Now if only they could find me one to order, I'd be all set! The one I rode belonged to a customer who hadn't picked it up yet.


----------



## kidcurry73 (Jun 25, 2007)

Here is one I'm building...its not bling blingy but so far I have about $20 into it and a few hours of elbow grease. I still have to find some fenders:ihih:


----------



## madcap (May 26, 2007)

Here's my Card Shark. I added the black ape hangers, black pedals, chrome grips, and Maxxis Hookworm 26x2.55. It's one of the most comfortable bikes I have ever ridden...


----------



## eastbxc (Jul 22, 2007)

yes cruisers are very cool bikes with just with the way the frame seems to flow and how it feels like your riding on air is also very cool


----------



## btadlock (Oct 3, 2005)

P-Funk said:


>


is this a real russian bike or a replica? I saw one that looked just like this in a tiny bike shope in Idaho Springs Co, only seen thru the window, as the shop was closed.


----------



## P-Funk (Jan 16, 2004)

btadlock said:


> is this a real russian bike or a replica?
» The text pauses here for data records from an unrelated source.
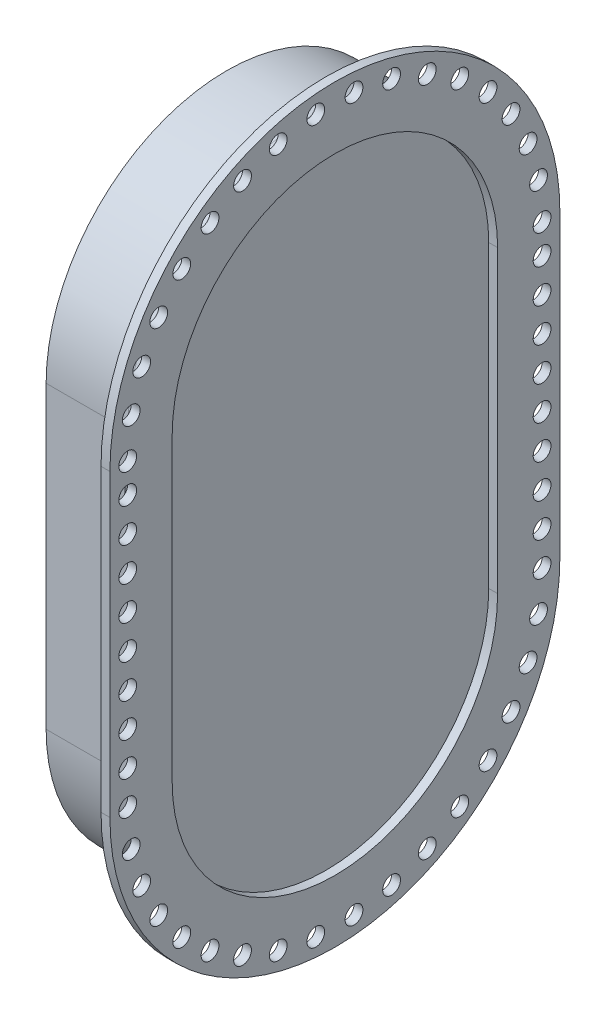
SolidWorks part; units mm, degrees
ref_plane "Front Plane" through (0, 0, 0) normal (0, 0, 1) x (1, 0, 0)
ref_plane "Top Plane" through (0, 0, 0) normal (0, 1, 0) x (1, 0, 0)
ref_plane "Right Plane" through (0, 0, 0) normal (1, 0, 0) x (0, 0, -1)
sketch "Sketch1" plane through (0, 0, 0) normal (1, 0, 0) x (0, 0, -1)
  line L0 (0, -73.5249) -> (0, 94.9573) construction
  line L1 (-91.5, -73.5249) -> (-91.5, 94.9573)
  line L2 (91.5, -73.5249) -> (91.5, 94.9573)
  line L3 (-101.5, -73.5249) -> (-101.5, 94.9573)
  line L4 (101.5, -73.5249) -> (101.5, 94.9573)
  arc A0 (-91.5, -73.5249) -> (91.5, -73.5249) centre (0, -73.5249) ccw
  arc A1 (91.5, 94.9573) -> (-91.5, 94.9573) centre (0, 94.9573) ccw
  arc A2 (101.5, 94.9573) -> (-101.5, 94.9573) centre (0, 94.9573) ccw
  arc A3 (-101.5, -73.5249) -> (101.5, -73.5249) centre (0, -73.5249) ccw
  point P3 (0, 10.7162)
  dimension "D2" = 91.5
  dimension "D1" = 168.4822
  dimension "D3" = 10
extrude "Boss-Extrude1" add sketch "Sketch1" along normal blind 60.8698
sketch "Sketch2" plane through (60.8698, 0, 0) normal (1, 0, 0) x (0, 0, -1)
  line L0 (-126.5, 94.9573) -> (-126.5, -73.5249)
  line L1 (126.5, -73.5249) -> (126.5, 94.9573)
  line L2 (101.5, -73.5249) -> (101.5, 94.9573)
  line L3 (-101.5, 94.9573) -> (-101.5, -73.5249)
  line L4 (101.5, -73.5249) -> (101.5, 94.9573)
  line L5 (-101.5, 94.9573) -> (-101.5, -73.5249)
  arc A0 (-126.5, -73.5249) -> (126.5, -73.5249) centre (0, -73.5249) ccw
  arc A1 (126.5, 94.9573) -> (-126.5, 94.9573) centre (0, 94.9573) ccw
  arc A2 (-101.5, -73.5249) -> (101.5, -73.5249) centre (0, -73.5249) ccw
  arc A3 (101.5, 94.9573) -> (-101.5, 94.9573) centre (0, 94.9573) ccw
  arc A4 (-101.5, -73.5249) -> (101.5, -73.5249) centre (0, -73.5249) ccw
  arc A5 (101.5, 94.9573) -> (-101.5, 94.9573) centre (0, 94.9573) ccw
  dimension "D1" = 0
  dimension "D2" = 25
extrude "Boss-Extrude2" add sketch "Sketch2" against normal blind 5
fillet "Fillet1" radius 10 4 edges at (55.8698, 10.7162, -101.5) (55.8698, -175.0249, 0) (55.8698, 10.7162, 101.5) (55.8698, 196.4573, 0)
sketch "Sketch3" plane through (55.8698, 0, 0) normal (-1, 0, 0) x (0, 0, 1)
  line L8 (116.5, -73.5249) -> (116.5, 94.9573)
  line L9 (-116.5, 94.9573) -> (-116.5, -73.5249)
  line L10 (116.5, -73.5249) -> (116.5, 94.9573)
  line L11 (-116.5, 94.9573) -> (-116.5, -73.5249)
  circle A0 centre (-116.5, -73.5249) radius 5
  circle A1 centre (116.5, -73.5249) radius 5
  circle A2 centre (116.5, 94.9573) radius 5
  circle A3 centre (-116.5, 94.9573) radius 5
  arc A6 (-116.5, -73.5249) -> (116.5, -73.5249) centre (0, -73.5249) ccw
  arc A7 (116.5, 94.9573) -> (-116.5, 94.9573) centre (0, 94.9573) ccw
  arc A8 (-116.5, -73.5249) -> (116.5, -73.5249) centre (0, -73.5249) ccw construction
  arc A9 (116.5, 94.9573) -> (-116.5, 94.9573) centre (0, 94.9573) ccw
  circle A11 centre (-116.5, -54.5249) radius 5
  circle A12 centre (-116.5, -35.5249) radius 5
  circle A13 centre (-116.5, -16.5249) radius 5
  circle A14 centre (-116.5, 2.4751) radius 5
  circle A15 centre (-116.5, 21.4751) radius 5
  circle A16 centre (-116.5, 40.4751) radius 5
  circle A17 centre (-116.5, 59.4751) radius 5
  circle A18 centre (-116.5, 78.4751) radius 5
  circle A19 centre (116.5, -54.5249) radius 5
  circle A20 centre (116.5, -35.5249) radius 5
  circle A21 centre (116.5, -16.5249) radius 5
  circle A22 centre (116.5, 2.4751) radius 5
  circle A23 centre (116.5, 21.4751) radius 5
  circle A24 centre (116.5, 40.4751) radius 5
  circle A25 centre (116.5, 59.4751) radius 5
  circle A26 centre (116.5, 78.4751) radius 5
  circle A27 centre (-114.5164, 116.3641) radius 5
  circle A28 centre (-108.633, 137.042) radius 5
  circle A29 centre (-99.0503, 156.2867) radius 5
  circle A30 centre (-86.0945, 173.4429) radius 5
  circle A31 centre (-70.2069, 187.9263) radius 5
  circle A32 centre (-51.9285, 199.2438) radius 5
  circle A33 centre (-31.8817, 207.01) radius 5
  circle A34 centre (-10.7493, 210.9603) radius 5
  circle A35 centre (10.7493, 210.9603) radius 5
  circle A36 centre (31.8817, 207.01) radius 5
  circle A37 centre (51.9285, 199.2438) radius 5
  circle A38 centre (70.2069, 187.9263) radius 5
  circle A39 centre (86.0945, 173.4429) radius 5
  circle A40 centre (99.0503, 156.2867) radius 5
  circle A41 centre (108.633, 137.042) radius 5
  circle A42 centre (114.5164, 116.3641) radius 5
  circle A43 centre (116.5, 94.9573) radius 5
  circle A44 centre (-114.5164, -94.9318) radius 5
  circle A45 centre (-108.633, -115.6096) radius 5
  circle A46 centre (-99.0503, -134.8543) radius 5
  circle A47 centre (-86.0945, -152.0105) radius 5
  circle A48 centre (-70.2069, -166.4939) radius 5
  circle A49 centre (-51.9285, -177.8115) radius 5
  circle A50 centre (-31.8817, -185.5776) radius 5
  circle A51 centre (-10.7493, -189.528) radius 5
  circle A52 centre (10.7493, -189.528) radius 5
  circle A53 centre (31.8817, -185.5776) radius 5
  circle A54 centre (51.9285, -177.8115) radius 5
  circle A55 centre (70.2069, -166.4939) radius 5
  circle A56 centre (86.0945, -152.0105) radius 5
  circle A57 centre (99.0503, -134.8543) radius 5
  circle A58 centre (108.633, -115.6096) radius 5
  circle A59 centre (114.5164, -94.9318) radius 5
  circle A60 centre (116.5, -73.5249) radius 5
  point P81 (0, 94.9573)
  point P116 (0, -73.5249)
  dimension "D1" = 5
  dimension "D2" = 9
  dimension "D3" = 9
  dimension "D4" = 18
  dimension "D5" = 18
extrude "Cut-Extrude1" cut sketch "Sketch3" against normal blind 5

I saw one that looked just like this in a tiny bike shope in Idaho Springs Co, only seen thru the window, as the shop was closed.


It's actually a replica, made by Felt, of all people.

http://www.feltracing.com/products/default.asp?catID=18,24


----------



## skyphix (May 29, 2007)

I've been eyeing this one at the LBS... tempted to get a Kona Blast instead of the Cinder cone just so I can afford this one too.










Yes, that is a bottle opener welded to the frame...


----------



## slocaus (Jul 21, 2005)

Too bad they left off the word "crawler" there on the plate 'tween the top tubes.


----------



## btadlock (Oct 3, 2005)

P-Funk said:


> It's actually a replica, made by Felt, of all people.
> 
> :eekster: I completely missed the logo in the upper left corner.


----------



## GuruAtma (May 17, 2004)

Ellsworth has a nifty-looking cruiser that uses the new fangled no-gear system. It's kind of strange that they don't have any real pictures of it on their website, only computer-drawn pictures.

for nearly $4000, it better be good.


----------



## eastbxc (Jul 22, 2007)

GuruAtma said:


> Ellsworth has a nifty-looking cruiser that uses the new fangled no-gear system. It's kind of strange that they don't have any real pictures of it on their website, only computer-drawn pictures.
> 
> for nearly $4000, it better be good.


i think but i could be wrong it has a lot of speeds in its internal hub (like 10 or 13 i read something about it in popular mechanics)


----------



## thebigred67 (Mar 29, 2005)

I have a Moon Eyes,... sorry no pictures right now. I love that thing!


----------



## jeeves (Mar 12, 2007)

I think every cyclist should have a single speed cruiser....there's nothin' like rolling down the road...not too fast, not too slow...enjoying the outdoors and the scenery. To me, it brings out the essence of the joy of bicycling. Of course, it helps when you slap some Phil Wood hubs on it! 

-Raj


----------